Start of RECORDS FOR THE EXERCISE

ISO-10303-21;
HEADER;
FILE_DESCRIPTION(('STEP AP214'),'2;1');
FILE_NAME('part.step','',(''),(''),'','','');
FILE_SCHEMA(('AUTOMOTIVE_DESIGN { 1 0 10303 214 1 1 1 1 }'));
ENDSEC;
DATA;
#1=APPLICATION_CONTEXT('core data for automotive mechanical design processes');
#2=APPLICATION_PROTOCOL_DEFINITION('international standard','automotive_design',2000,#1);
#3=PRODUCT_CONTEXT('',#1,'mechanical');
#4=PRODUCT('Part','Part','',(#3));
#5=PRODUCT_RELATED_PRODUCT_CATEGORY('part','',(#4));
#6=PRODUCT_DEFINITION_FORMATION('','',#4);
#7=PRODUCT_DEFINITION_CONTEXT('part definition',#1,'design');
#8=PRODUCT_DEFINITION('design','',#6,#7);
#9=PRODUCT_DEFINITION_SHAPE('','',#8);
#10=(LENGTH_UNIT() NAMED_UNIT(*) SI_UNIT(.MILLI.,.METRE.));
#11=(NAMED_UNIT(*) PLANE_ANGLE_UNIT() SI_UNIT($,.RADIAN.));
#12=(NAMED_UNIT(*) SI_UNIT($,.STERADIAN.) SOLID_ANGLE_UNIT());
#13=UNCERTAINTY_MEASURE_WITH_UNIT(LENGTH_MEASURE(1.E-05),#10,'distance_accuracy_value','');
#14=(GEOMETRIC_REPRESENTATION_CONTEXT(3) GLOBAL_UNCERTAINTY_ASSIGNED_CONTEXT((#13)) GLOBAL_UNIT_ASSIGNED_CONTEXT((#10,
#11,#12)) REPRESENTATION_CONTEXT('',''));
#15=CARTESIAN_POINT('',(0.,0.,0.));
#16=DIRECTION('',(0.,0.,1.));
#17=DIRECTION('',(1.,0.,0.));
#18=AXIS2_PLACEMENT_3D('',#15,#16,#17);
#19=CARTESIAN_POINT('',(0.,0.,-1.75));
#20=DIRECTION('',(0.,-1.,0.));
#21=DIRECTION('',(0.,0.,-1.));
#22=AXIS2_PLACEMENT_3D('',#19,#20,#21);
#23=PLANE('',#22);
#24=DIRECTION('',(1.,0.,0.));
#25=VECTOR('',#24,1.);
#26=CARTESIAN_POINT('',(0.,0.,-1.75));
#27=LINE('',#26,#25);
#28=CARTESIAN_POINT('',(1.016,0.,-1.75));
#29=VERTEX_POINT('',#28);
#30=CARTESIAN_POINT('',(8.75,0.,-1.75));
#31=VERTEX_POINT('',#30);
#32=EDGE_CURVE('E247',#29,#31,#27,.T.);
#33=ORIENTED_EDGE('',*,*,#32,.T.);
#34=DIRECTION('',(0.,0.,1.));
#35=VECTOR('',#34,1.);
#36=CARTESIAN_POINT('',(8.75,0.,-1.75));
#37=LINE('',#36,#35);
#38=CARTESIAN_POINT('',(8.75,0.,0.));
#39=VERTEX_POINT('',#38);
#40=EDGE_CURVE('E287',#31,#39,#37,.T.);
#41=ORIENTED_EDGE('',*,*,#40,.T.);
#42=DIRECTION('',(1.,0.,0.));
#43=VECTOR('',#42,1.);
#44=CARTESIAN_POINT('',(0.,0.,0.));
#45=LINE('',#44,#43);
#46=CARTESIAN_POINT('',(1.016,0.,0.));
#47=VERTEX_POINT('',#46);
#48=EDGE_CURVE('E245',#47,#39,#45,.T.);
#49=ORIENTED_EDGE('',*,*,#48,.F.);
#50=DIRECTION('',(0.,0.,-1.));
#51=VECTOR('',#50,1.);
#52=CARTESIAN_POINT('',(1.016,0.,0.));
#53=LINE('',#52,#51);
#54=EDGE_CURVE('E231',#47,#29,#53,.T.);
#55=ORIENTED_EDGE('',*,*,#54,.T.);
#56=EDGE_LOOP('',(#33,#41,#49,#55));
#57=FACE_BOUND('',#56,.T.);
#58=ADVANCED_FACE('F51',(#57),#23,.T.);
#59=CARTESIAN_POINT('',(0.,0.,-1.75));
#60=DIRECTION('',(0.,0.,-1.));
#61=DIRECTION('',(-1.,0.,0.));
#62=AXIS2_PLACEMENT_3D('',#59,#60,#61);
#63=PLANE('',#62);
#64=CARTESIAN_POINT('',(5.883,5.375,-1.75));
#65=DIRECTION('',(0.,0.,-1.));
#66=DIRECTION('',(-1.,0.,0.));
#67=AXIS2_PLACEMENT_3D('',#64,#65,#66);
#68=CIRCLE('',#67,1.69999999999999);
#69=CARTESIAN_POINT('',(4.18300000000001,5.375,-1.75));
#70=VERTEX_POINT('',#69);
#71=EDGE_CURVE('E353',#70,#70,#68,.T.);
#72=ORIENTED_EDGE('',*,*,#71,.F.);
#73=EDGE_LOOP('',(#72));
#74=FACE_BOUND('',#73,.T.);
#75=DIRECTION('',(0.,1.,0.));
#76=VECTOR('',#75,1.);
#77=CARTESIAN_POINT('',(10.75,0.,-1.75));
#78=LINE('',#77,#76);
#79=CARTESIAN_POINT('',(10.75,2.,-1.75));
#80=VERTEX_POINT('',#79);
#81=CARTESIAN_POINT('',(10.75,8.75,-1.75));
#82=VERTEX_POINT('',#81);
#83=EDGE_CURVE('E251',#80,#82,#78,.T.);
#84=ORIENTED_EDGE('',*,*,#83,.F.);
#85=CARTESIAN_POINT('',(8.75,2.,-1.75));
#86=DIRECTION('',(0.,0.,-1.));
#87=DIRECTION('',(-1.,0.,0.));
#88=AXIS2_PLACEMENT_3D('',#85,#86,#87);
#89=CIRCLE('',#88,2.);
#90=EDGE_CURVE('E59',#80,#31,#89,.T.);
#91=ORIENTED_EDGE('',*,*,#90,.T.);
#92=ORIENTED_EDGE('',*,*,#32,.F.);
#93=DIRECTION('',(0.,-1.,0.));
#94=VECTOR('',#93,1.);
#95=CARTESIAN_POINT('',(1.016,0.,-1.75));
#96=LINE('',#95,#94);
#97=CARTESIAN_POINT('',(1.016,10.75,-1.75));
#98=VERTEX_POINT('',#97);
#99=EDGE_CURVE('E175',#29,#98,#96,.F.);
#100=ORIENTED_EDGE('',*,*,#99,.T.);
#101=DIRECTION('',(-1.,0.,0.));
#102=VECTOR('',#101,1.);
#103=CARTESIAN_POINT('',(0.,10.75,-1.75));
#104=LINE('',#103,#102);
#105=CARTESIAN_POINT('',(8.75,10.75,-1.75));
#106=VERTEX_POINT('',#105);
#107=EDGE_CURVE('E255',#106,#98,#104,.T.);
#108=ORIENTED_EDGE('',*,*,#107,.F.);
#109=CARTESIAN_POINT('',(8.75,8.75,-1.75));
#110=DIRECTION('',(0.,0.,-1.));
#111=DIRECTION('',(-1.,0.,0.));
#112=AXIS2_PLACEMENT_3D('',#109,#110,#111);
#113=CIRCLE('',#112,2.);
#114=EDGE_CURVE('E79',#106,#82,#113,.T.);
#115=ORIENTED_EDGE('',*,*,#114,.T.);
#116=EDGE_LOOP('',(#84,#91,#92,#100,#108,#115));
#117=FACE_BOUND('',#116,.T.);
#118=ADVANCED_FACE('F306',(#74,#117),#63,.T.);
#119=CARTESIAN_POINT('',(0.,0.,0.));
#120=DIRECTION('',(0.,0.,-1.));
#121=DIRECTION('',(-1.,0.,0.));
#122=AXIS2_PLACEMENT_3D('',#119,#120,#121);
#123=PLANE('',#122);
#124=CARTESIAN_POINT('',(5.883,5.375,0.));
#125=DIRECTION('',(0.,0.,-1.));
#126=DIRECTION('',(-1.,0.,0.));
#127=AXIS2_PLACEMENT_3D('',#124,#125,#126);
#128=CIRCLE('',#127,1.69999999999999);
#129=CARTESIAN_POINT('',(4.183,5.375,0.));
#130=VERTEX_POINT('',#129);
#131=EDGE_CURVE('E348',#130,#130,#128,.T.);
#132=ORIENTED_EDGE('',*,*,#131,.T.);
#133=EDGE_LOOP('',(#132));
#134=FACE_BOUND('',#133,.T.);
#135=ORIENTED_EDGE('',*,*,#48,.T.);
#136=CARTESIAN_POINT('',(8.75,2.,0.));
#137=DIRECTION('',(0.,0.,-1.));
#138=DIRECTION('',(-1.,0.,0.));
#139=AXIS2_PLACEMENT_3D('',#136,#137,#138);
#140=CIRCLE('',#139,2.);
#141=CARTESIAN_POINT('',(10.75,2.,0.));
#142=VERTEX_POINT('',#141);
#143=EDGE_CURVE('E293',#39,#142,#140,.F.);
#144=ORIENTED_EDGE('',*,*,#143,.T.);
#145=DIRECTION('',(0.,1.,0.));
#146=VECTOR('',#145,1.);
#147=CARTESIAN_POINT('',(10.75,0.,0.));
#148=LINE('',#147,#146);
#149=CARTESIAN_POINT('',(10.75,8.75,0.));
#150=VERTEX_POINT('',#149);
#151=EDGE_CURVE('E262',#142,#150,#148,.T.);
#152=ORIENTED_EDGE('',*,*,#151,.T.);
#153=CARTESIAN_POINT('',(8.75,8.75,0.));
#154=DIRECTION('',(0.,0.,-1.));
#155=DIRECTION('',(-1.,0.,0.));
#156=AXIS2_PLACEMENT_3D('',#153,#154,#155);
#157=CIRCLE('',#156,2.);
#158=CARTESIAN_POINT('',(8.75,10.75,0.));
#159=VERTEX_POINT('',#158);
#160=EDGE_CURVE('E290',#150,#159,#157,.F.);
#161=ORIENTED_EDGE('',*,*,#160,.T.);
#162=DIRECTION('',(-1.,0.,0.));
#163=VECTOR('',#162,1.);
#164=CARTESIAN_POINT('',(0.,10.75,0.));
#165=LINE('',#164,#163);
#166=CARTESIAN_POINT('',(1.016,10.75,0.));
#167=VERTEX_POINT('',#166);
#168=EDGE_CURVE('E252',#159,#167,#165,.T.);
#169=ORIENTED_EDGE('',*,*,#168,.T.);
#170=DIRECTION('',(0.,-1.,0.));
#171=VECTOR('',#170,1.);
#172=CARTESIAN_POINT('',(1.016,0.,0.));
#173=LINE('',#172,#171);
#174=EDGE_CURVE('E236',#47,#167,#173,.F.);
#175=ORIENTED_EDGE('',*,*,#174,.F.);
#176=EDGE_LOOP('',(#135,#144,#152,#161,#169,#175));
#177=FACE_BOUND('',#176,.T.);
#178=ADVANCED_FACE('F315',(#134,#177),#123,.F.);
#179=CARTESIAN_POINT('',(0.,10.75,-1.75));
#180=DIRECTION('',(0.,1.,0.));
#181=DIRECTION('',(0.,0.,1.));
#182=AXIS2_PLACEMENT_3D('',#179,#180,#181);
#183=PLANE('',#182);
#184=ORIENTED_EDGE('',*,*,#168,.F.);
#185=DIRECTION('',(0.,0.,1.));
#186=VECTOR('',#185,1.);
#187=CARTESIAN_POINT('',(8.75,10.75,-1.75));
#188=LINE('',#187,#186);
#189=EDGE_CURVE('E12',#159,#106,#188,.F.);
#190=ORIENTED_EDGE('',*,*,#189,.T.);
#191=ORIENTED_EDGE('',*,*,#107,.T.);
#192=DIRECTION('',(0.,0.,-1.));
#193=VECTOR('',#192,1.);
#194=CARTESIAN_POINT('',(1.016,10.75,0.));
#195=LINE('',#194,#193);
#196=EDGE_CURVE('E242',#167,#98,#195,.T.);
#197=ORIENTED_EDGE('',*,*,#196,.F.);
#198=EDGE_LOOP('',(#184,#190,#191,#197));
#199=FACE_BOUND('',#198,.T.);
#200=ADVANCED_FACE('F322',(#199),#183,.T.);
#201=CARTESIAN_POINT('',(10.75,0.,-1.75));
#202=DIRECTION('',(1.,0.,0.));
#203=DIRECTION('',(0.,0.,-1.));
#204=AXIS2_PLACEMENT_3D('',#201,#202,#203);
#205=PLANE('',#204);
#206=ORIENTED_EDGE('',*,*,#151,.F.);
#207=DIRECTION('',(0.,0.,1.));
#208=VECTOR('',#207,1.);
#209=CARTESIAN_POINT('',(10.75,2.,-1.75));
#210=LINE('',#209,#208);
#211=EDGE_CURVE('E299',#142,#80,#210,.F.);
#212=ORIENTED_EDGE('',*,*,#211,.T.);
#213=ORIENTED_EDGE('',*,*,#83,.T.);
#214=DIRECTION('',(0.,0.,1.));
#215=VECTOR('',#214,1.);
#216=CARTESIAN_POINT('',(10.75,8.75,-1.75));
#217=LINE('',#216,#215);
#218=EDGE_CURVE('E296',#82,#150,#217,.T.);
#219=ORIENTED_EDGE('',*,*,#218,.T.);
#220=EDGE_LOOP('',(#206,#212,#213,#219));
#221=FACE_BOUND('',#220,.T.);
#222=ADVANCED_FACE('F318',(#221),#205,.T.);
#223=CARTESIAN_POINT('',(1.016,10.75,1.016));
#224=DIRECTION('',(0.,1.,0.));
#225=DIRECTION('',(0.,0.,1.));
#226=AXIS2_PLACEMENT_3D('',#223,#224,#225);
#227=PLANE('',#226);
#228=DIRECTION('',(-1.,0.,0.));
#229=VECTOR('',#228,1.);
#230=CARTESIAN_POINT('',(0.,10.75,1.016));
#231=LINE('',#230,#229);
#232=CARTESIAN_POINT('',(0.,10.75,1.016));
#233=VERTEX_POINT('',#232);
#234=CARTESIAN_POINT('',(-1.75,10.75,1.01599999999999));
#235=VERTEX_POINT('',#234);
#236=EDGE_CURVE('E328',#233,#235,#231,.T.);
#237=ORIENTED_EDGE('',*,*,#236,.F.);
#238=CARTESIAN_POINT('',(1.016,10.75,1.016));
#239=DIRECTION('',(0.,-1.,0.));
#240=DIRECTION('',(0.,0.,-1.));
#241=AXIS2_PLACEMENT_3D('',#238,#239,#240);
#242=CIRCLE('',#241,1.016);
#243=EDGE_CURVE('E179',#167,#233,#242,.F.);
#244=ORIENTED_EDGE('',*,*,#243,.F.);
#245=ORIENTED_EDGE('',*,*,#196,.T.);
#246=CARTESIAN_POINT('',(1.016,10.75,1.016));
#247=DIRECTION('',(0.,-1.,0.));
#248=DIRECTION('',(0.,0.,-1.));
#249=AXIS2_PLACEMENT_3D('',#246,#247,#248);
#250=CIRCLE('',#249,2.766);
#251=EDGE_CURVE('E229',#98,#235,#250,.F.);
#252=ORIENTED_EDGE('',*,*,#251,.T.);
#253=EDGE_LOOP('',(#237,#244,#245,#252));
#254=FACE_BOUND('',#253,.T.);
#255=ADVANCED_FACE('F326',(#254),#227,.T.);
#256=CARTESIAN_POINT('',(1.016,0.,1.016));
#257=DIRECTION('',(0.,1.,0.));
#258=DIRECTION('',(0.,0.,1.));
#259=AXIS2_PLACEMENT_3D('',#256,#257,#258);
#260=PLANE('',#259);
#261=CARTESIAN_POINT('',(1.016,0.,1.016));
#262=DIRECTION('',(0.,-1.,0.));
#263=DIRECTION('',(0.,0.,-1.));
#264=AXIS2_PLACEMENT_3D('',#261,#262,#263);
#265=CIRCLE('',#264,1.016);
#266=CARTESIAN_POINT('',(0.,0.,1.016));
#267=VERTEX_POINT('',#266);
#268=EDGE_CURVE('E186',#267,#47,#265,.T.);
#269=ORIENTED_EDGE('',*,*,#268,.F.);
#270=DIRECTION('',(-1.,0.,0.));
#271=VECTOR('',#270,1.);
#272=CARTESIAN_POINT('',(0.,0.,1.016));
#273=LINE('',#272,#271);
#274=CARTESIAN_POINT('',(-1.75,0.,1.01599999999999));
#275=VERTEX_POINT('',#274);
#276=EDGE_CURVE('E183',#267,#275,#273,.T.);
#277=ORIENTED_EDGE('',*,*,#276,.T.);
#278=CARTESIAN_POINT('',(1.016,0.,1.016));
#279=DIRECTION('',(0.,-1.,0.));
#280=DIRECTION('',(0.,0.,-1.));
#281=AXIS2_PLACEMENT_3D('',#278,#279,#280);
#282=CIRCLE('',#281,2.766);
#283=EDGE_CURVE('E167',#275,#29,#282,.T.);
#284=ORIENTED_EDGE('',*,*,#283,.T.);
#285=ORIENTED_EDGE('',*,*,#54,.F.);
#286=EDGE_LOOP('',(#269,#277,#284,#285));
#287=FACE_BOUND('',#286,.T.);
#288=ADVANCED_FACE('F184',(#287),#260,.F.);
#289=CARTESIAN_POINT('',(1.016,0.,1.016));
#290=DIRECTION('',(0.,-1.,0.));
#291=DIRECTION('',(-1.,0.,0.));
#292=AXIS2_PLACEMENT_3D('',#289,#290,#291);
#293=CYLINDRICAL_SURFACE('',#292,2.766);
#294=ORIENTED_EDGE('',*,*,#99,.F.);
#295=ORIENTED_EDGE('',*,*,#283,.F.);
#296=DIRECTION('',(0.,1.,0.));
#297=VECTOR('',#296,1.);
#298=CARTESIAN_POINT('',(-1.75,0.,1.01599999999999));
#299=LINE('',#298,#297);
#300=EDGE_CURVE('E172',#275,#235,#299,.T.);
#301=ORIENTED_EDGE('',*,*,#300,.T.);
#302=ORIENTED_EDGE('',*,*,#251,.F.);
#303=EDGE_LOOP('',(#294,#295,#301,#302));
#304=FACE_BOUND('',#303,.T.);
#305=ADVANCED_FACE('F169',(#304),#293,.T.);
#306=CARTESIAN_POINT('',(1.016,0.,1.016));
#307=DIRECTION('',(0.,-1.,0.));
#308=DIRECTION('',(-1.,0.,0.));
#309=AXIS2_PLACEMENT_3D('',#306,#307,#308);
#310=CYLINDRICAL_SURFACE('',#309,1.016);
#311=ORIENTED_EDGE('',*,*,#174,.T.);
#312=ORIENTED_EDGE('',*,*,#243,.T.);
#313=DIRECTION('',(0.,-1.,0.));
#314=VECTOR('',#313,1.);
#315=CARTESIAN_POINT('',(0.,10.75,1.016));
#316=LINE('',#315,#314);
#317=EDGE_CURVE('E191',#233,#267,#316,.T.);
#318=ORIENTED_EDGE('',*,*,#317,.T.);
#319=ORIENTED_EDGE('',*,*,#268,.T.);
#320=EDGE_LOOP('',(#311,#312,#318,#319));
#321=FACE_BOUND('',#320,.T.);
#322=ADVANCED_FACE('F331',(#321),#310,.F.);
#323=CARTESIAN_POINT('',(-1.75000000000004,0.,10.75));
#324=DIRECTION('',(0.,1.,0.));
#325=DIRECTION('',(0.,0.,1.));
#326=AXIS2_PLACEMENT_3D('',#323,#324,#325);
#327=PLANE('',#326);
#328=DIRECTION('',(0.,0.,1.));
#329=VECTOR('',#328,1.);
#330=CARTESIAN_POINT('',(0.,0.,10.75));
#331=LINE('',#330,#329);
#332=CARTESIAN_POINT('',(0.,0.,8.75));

End of RECORDS FOR THE EXERCISE

* [TASK DIRECTIONS]:
Could you output, exactly and with nothing else, the lines from the start of the records through the line containing "#15=CARTESIAN_POINT('',(0.,0.,0.));"?

* [SOLUTION BELOW]:
ISO-10303-21;
HEADER;
FILE_DESCRIPTION(('STEP AP214'),'2;1');
FILE_NAME('part.step','',(''),(''),'','','');
FILE_SCHEMA(('AUTOMOTIVE_DESIGN { 1 0 10303 214 1 1 1 1 }'));
ENDSEC;
DATA;
#1=APPLICATION_CONTEXT('core data for automotive mechanical design processes');
#2=APPLICATION_PROTOCOL_DEFINITION('international standard','automotive_design',2000,#1);
#3=PRODUCT_CONTEXT('',#1,'mechanical');
#4=PRODUCT('Part','Part','',(#3));
#5=PRODUCT_RELATED_PRODUCT_CATEGORY('part','',(#4));
#6=PRODUCT_DEFINITION_FORMATION('','',#4);
#7=PRODUCT_DEFINITION_CONTEXT('part definition',#1,'design');
#8=PRODUCT_DEFINITION('design','',#6,#7);
#9=PRODUCT_DEFINITION_SHAPE('','',#8);
#10=(LENGTH_UNIT() NAMED_UNIT(*) SI_UNIT(.MILLI.,.METRE.));
#11=(NAMED_UNIT(*) PLANE_ANGLE_UNIT() SI_UNIT($,.RADIAN.));
#12=(NAMED_UNIT(*) SI_UNIT($,.STERADIAN.) SOLID_ANGLE_UNIT());
#13=UNCERTAINTY_MEASURE_WITH_UNIT(LENGTH_MEASURE(1.E-05),#10,'distance_accuracy_value','');
#14=(GEOMETRIC_REPRESENTATION_CONTEXT(3) GLOBAL_UNCERTAINTY_ASSIGNED_CONTEXT((#13)) GLOBAL_UNIT_ASSIGNED_CONTEXT((#10,
#11,#12)) REPRESENTATION_CONTEXT('',''));
#15=CARTESIAN_POINT('',(0.,0.,0.));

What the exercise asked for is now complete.